ABOUT THIS TASK ▸ An exact copy of the entries is required, excluding any pictures.

SUPPLIED RECORDS below:

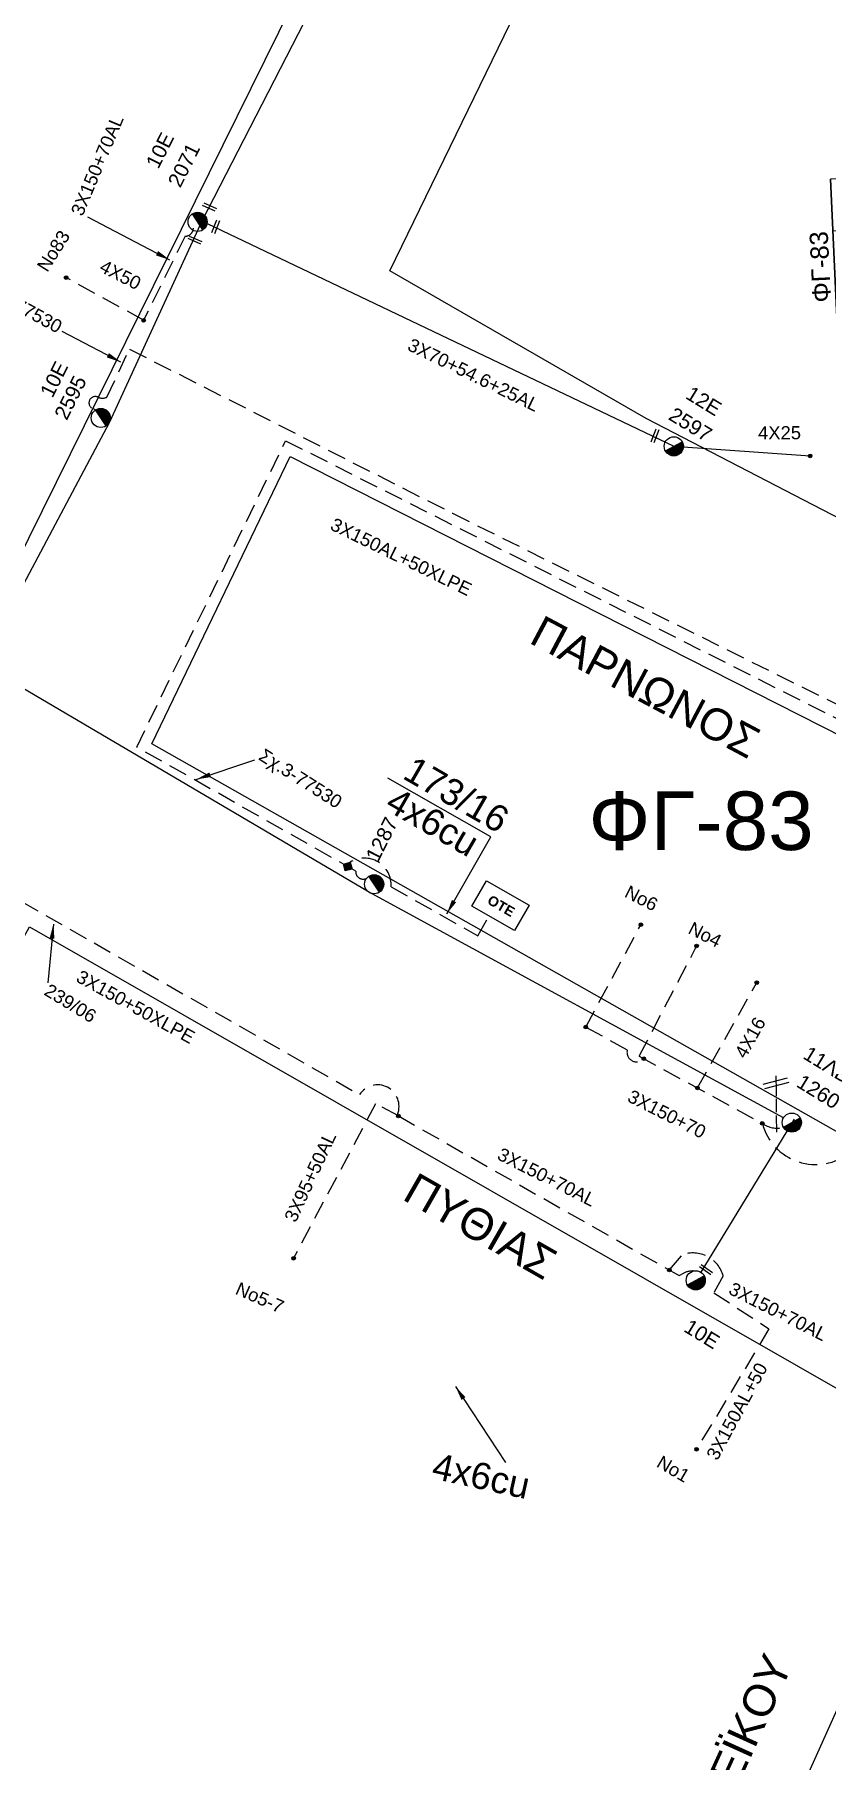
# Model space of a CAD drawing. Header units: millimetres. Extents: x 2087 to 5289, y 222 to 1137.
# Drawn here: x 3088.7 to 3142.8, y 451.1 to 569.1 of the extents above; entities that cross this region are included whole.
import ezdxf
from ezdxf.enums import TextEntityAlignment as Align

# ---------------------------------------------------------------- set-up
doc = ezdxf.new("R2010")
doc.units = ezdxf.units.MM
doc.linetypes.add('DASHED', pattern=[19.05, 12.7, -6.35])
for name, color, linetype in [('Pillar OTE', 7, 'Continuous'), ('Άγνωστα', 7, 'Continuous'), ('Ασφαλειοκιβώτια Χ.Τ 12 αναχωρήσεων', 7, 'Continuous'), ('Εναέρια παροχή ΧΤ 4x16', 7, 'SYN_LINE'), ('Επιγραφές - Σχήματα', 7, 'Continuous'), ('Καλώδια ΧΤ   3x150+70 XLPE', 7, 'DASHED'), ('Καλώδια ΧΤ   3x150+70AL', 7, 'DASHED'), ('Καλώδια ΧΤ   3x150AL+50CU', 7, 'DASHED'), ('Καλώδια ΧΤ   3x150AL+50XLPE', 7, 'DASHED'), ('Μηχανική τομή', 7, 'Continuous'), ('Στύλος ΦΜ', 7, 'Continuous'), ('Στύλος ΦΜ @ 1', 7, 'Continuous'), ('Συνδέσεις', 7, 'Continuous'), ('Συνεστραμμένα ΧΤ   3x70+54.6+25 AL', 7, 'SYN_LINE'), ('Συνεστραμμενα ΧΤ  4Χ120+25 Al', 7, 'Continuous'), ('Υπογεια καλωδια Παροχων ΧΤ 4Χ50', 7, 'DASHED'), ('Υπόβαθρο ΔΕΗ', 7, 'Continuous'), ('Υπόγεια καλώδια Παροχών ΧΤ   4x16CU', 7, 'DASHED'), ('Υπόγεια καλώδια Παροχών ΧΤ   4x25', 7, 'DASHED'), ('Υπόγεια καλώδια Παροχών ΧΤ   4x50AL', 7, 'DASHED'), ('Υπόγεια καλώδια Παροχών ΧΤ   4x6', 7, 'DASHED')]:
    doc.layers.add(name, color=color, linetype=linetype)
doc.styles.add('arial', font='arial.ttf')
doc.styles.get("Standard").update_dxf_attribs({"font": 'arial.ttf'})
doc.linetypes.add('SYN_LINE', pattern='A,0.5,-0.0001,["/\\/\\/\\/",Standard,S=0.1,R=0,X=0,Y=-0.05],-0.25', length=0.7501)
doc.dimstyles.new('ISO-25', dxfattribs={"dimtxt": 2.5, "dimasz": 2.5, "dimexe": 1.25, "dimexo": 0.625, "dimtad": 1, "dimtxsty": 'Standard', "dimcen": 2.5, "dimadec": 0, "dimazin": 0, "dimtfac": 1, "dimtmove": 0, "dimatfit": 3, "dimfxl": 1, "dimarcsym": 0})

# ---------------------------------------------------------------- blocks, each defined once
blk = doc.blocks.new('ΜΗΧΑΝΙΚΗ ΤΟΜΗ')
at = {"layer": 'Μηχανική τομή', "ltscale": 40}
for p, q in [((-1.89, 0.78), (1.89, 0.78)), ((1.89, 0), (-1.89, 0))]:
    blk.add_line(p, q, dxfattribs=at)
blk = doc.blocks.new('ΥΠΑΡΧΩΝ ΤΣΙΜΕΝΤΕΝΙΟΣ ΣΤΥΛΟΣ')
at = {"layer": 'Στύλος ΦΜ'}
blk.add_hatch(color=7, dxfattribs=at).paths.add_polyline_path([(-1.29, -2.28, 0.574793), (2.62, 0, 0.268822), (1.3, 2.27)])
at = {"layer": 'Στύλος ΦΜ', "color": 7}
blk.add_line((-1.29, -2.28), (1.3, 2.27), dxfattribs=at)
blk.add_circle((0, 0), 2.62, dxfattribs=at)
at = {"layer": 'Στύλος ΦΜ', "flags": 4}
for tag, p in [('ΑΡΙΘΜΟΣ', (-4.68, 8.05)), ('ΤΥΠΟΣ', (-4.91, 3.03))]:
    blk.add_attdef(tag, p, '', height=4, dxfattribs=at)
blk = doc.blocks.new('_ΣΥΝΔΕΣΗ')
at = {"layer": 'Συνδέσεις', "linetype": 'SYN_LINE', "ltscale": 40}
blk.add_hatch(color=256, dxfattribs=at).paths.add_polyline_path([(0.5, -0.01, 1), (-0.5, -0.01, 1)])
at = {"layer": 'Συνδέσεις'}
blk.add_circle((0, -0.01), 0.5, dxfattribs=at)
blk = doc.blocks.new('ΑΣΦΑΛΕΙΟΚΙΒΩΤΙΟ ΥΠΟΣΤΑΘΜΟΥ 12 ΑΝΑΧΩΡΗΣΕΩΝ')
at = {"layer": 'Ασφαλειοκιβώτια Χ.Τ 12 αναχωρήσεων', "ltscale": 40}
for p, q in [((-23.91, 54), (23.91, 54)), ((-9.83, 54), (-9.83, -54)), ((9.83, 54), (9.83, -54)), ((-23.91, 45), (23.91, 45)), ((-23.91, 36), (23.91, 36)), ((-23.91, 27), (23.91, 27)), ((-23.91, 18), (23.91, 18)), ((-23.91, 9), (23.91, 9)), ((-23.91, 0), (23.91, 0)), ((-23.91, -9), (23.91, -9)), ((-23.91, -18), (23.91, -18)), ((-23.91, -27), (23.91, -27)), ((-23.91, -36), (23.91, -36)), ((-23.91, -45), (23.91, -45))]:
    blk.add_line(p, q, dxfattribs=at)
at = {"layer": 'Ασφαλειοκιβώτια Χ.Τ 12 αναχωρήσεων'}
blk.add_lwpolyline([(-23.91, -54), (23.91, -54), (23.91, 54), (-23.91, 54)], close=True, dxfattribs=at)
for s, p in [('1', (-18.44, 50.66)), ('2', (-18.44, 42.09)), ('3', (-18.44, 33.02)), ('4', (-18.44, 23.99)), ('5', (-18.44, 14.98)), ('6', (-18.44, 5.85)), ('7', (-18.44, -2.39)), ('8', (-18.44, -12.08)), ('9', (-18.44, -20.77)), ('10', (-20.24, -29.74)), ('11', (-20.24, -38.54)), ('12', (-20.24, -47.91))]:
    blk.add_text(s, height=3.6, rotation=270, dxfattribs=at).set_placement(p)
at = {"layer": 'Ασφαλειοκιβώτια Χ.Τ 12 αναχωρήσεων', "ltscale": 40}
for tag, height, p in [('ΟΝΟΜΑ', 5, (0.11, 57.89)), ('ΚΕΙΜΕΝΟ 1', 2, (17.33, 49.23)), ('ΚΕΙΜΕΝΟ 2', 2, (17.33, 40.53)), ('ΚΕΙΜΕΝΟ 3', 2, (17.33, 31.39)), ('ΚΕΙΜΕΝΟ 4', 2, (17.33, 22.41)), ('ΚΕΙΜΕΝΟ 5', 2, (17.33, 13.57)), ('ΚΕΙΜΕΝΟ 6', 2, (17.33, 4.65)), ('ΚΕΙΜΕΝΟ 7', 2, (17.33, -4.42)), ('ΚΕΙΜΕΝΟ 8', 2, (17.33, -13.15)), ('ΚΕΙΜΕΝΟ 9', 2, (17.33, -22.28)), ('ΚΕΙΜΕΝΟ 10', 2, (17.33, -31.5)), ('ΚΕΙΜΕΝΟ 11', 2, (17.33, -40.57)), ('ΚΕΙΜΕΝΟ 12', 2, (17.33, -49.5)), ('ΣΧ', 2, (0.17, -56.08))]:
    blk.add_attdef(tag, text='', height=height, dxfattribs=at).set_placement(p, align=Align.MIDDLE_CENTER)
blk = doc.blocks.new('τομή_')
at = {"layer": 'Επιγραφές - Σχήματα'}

End of SUPPLIED RECORDS.

TASK ANSWER ▸
# Model space of a CAD drawing. Header units: millimetres. Extents: x 2087 to 5289, y 222 to 1137.
# Drawn here: x 3088.7 to 3142.8, y 451.1 to 569.1 of the extents above; entities that cross this region are included whole.
import ezdxf
from ezdxf.enums import TextEntityAlignment as Align

# ---------------------------------------------------------------- set-up
doc = ezdxf.new("R2010")
doc.units = ezdxf.units.MM
doc.linetypes.add('DASHED', pattern=[19.05, 12.7, -6.35])
for name, color, linetype in [('Pillar OTE', 7, 'Continuous'), ('Άγνωστα', 7, 'Continuous'), ('Ασφαλειοκιβώτια Χ.Τ 12 αναχωρήσεων', 7, 'Continuous'), ('Εναέρια παροχή ΧΤ 4x16', 7, 'SYN_LINE'), ('Επιγραφές - Σχήματα', 7, 'Continuous'), ('Καλώδια ΧΤ   3x150+70 XLPE', 7, 'DASHED'), ('Καλώδια ΧΤ   3x150+70AL', 7, 'DASHED'), ('Καλώδια ΧΤ   3x150AL+50CU', 7, 'DASHED'), ('Καλώδια ΧΤ   3x150AL+50XLPE', 7, 'DASHED'), ('Μηχανική τομή', 7, 'Continuous'), ('Στύλος ΦΜ', 7, 'Continuous'), ('Στύλος ΦΜ @ 1', 7, 'Continuous'), ('Συνδέσεις', 7, 'Continuous'), ('Συνεστραμμένα ΧΤ   3x70+54.6+25 AL', 7, 'SYN_LINE'), ('Συνεστραμμενα ΧΤ  4Χ120+25 Al', 7, 'Continuous'), ('Υπογεια καλωδια Παροχων ΧΤ 4Χ50', 7, 'DASHED'), ('Υπόβαθρο ΔΕΗ', 7, 'Continuous'), ('Υπόγεια καλώδια Παροχών ΧΤ   4x16CU', 7, 'DASHED'), ('Υπόγεια καλώδια Παροχών ΧΤ   4x25', 7, 'DASHED'), ('Υπόγεια καλώδια Παροχών ΧΤ   4x50AL', 7, 'DASHED'), ('Υπόγεια καλώδια Παροχών ΧΤ   4x6', 7, 'DASHED')]:
    doc.layers.add(name, color=color, linetype=linetype)
doc.styles.add('arial', font='arial.ttf')
doc.styles.get("Standard").update_dxf_attribs({"font": 'arial.ttf'})
doc.linetypes.add('SYN_LINE', pattern='A,0.5,-0.0001,["/\\/\\/\\/",Standard,S=0.1,R=0,X=0,Y=-0.05],-0.25', length=0.7501)
doc.dimstyles.new('ISO-25', dxfattribs={"dimtxt": 2.5, "dimasz": 2.5, "dimexe": 1.25, "dimexo": 0.625, "dimtad": 1, "dimtxsty": 'Standard', "dimcen": 2.5, "dimadec": 0, "dimazin": 0, "dimtfac": 1, "dimtmove": 0, "dimatfit": 3, "dimfxl": 1, "dimarcsym": 0})

# ---------------------------------------------------------------- blocks, each defined once
blk = doc.blocks.new('ΜΗΧΑΝΙΚΗ ΤΟΜΗ')
at = {"layer": 'Μηχανική τομή', "ltscale": 40}
for p, q in [((-1.89, 0.78), (1.89, 0.78)), ((1.89, 0), (-1.89, 0))]:
    blk.add_line(p, q, dxfattribs=at)
blk = doc.blocks.new('ΥΠΑΡΧΩΝ ΤΣΙΜΕΝΤΕΝΙΟΣ ΣΤΥΛΟΣ')
at = {"layer": 'Στύλος ΦΜ'}
blk.add_hatch(color=7, dxfattribs=at).paths.add_polyline_path([(-1.29, -2.28, 0.574793), (2.62, 0, 0.268822), (1.3, 2.27)])
at = {"layer": 'Στύλος ΦΜ', "color": 7}
blk.add_line((-1.29, -2.28), (1.3, 2.27), dxfattribs=at)
blk.add_circle((0, 0), 2.62, dxfattribs=at)
at = {"layer": 'Στύλος ΦΜ', "flags": 4}
for tag, p in [('ΑΡΙΘΜΟΣ', (-4.68, 8.05)), ('ΤΥΠΟΣ', (-4.91, 3.03))]:
    blk.add_attdef(tag, p, '', height=4, dxfattribs=at)
blk = doc.blocks.new('_ΣΥΝΔΕΣΗ')
at = {"layer": 'Συνδέσεις', "linetype": 'SYN_LINE', "ltscale": 40}
blk.add_hatch(color=256, dxfattribs=at).paths.add_polyline_path([(0.5, -0.01, 1), (-0.5, -0.01, 1)])
at = {"layer": 'Συνδέσεις'}
blk.add_circle((0, -0.01), 0.5, dxfattribs=at)
blk = doc.blocks.new('ΑΣΦΑΛΕΙΟΚΙΒΩΤΙΟ ΥΠΟΣΤΑΘΜΟΥ 12 ΑΝΑΧΩΡΗΣΕΩΝ')
at = {"layer": 'Ασφαλειοκιβώτια Χ.Τ 12 αναχωρήσεων', "ltscale": 40}
for p, q in [((-23.91, 54), (23.91, 54)), ((-9.83, 54), (-9.83, -54)), ((9.83, 54), (9.83, -54)), ((-23.91, 45), (23.91, 45)), ((-23.91, 36), (23.91, 36)), ((-23.91, 27), (23.91, 27)), ((-23.91, 18), (23.91, 18)), ((-23.91, 9), (23.91, 9)), ((-23.91, 0), (23.91, 0)), ((-23.91, -9), (23.91, -9)), ((-23.91, -18), (23.91, -18)), ((-23.91, -27), (23.91, -27)), ((-23.91, -36), (23.91, -36)), ((-23.91, -45), (23.91, -45))]:
    blk.add_line(p, q, dxfattribs=at)
at = {"layer": 'Ασφαλειοκιβώτια Χ.Τ 12 αναχωρήσεων'}
blk.add_lwpolyline([(-23.91, -54), (23.91, -54), (23.91, 54), (-23.91, 54)], close=True, dxfattribs=at)
for s, p in [('1', (-18.44, 50.66)), ('2', (-18.44, 42.09)), ('3', (-18.44, 33.02)), ('4', (-18.44, 23.99)), ('5', (-18.44, 14.98)), ('6', (-18.44, 5.85)), ('7', (-18.44, -2.39)), ('8', (-18.44, -12.08)), ('9', (-18.44, -20.77)), ('10', (-20.24, -29.74)), ('11', (-20.24, -38.54)), ('12', (-20.24, -47.91))]:
    blk.add_text(s, height=3.6, rotation=270, dxfattribs=at).set_placement(p)
at = {"layer": 'Ασφαλειοκιβώτια Χ.Τ 12 αναχωρήσεων', "ltscale": 40}
for tag, height, p in [('ΟΝΟΜΑ', 5, (0.11, 57.89)), ('ΚΕΙΜΕΝΟ 1', 2, (17.33, 49.23)), ('ΚΕΙΜΕΝΟ 2', 2, (17.33, 40.53)), ('ΚΕΙΜΕΝΟ 3', 2, (17.33, 31.39)), ('ΚΕΙΜΕΝΟ 4', 2, (17.33, 22.41)), ('ΚΕΙΜΕΝΟ 5', 2, (17.33, 13.57)), ('ΚΕΙΜΕΝΟ 6', 2, (17.33, 4.65)), ('ΚΕΙΜΕΝΟ 7', 2, (17.33, -4.42)), ('ΚΕΙΜΕΝΟ 8', 2, (17.33, -13.15)), ('ΚΕΙΜΕΝΟ 9', 2, (17.33, -22.28)), ('ΚΕΙΜΕΝΟ 10', 2, (17.33, -31.5)), ('ΚΕΙΜΕΝΟ 11', 2, (17.33, -40.57)), ('ΚΕΙΜΕΝΟ 12', 2, (17.33, -49.5)), ('ΣΧ', 2, (0.17, -56.08))]:
    blk.add_attdef(tag, text='', height=height, dxfattribs=at).set_placement(p, align=Align.MIDDLE_CENTER)
blk = doc.blocks.new('τομή_')
at = {"layer": 'Επιγραφές - Σχήματα'}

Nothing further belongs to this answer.